**What this task involves**: Which lines run from the one containing "extrude(amount=BOSS_EXTRUDE2_DEPTH)" through the end of the material? Reproduce them exactly.

<<<<

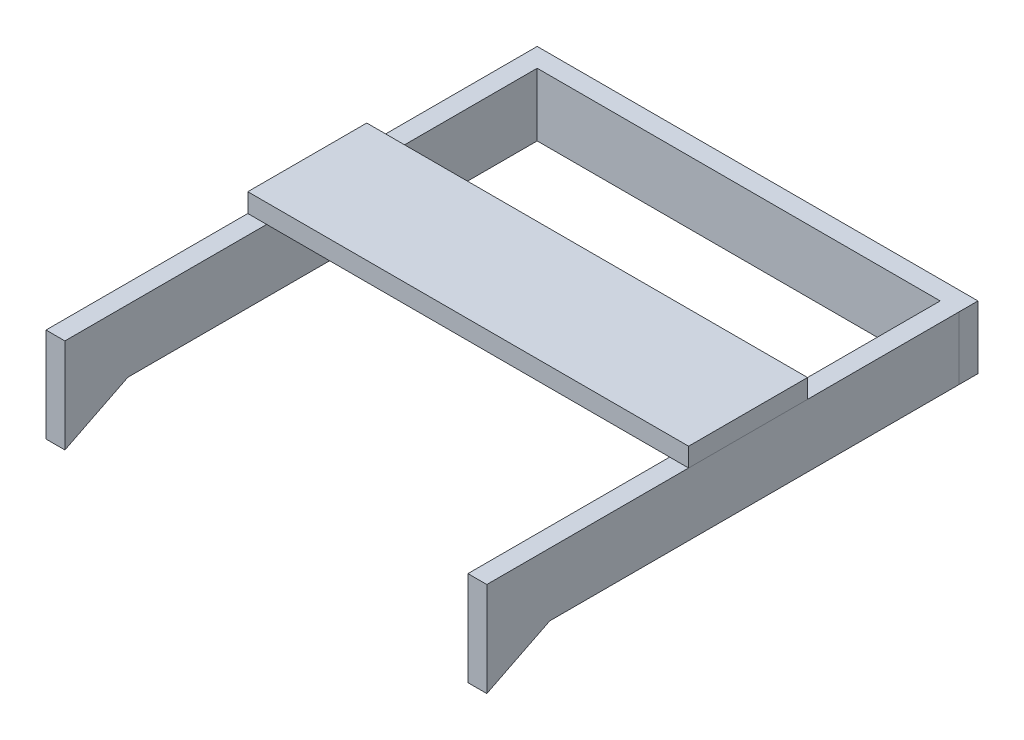
from build123d import *

# Parameters (mm, degrees)
SKETCH1_W           = 70
SKETCH1_H           = 15
BOSS_EXTRUDE1_DEPTH = 3
SKETCH2_W           = 3
SKETCH2_H           = 15
BOSS_EXTRUDE2_DEPTH = 75
CUT_EXTRUDE1_DEPTH  = 75
SKETCH4_W           = 70
SKETCH4_H           = 18.892094127
BOSS_EXTRUDE3_DEPTH = 3


with BuildPart() as part:
    # Sketch1 → Boss-Extrude1 (new body)
    with BuildSketch(Plane.XY):
        with Locations((83.09202796, -33.31343354)):
            Rectangle(SKETCH1_W, SKETCH1_H)
    extrude(amount=BOSS_EXTRUDE1_DEPTH)

    # Sketch2 → Boss-Extrude2 (add)
    with BuildSketch(Plane.XY.offset(3)):
        with Locations((49.59202796, -33.31343354)):
            Rectangle(SKETCH2_W, SKETCH2_H)
        with Locations((116.59202796, -33.31343354)):
            Rectangle(SKETCH2_W, SKETCH2_H)
    extrude(amount=BOSS_EXTRUDE2_DEPTH)

    # Sketch3 → Cut-Extrude1 (cut)
    with BuildSketch(Plane.ZY.offset(-48.09202796)):
        Polygon((0, -40.81343354), (78, -40.81343354), (68, -35.81343354), (0, -35.81343354), align=None)
    extrude(amount=-CUT_EXTRUDE1_DEPTH, mode=Mode.SUBTRACT)

    # Sketch4 → Boss-Extrude3 (add)
    with BuildSketch(Plane(origin=(0, -25.81343354, 0), x_dir=(1, 0, 0), z_dir=(0, 1, 0))):
        with Locations((83.09202796, -36.511528279)):
            Rectangle(SKETCH4_W, SKETCH4_H)
    extrude(amount=BOSS_EXTRUDE3_DEPTH)


solid = part.part

>>>>

**Solution for this task**:
    extrude(amount=BOSS_EXTRUDE2_DEPTH)

    # Sketch3 → Cut-Extrude1 (cut)
    with BuildSketch(Plane.ZY.offset(-48.09202796)):
        Polygon((0, -40.81343354), (78, -40.81343354), (68, -35.81343354), (0, -35.81343354), align=None)
    extrude(amount=-CUT_EXTRUDE1_DEPTH, mode=Mode.SUBTRACT)

    # Sketch4 → Boss-Extrude3 (add)
    with BuildSketch(Plane(origin=(0, -25.81343354, 0), x_dir=(1, 0, 0), z_dir=(0, 1, 0))):
        with Locations((83.09202796, -36.511528279)):
            Rectangle(SKETCH4_W, SKETCH4_H)
    extrude(amount=BOSS_EXTRUDE3_DEPTH)


solid = part.part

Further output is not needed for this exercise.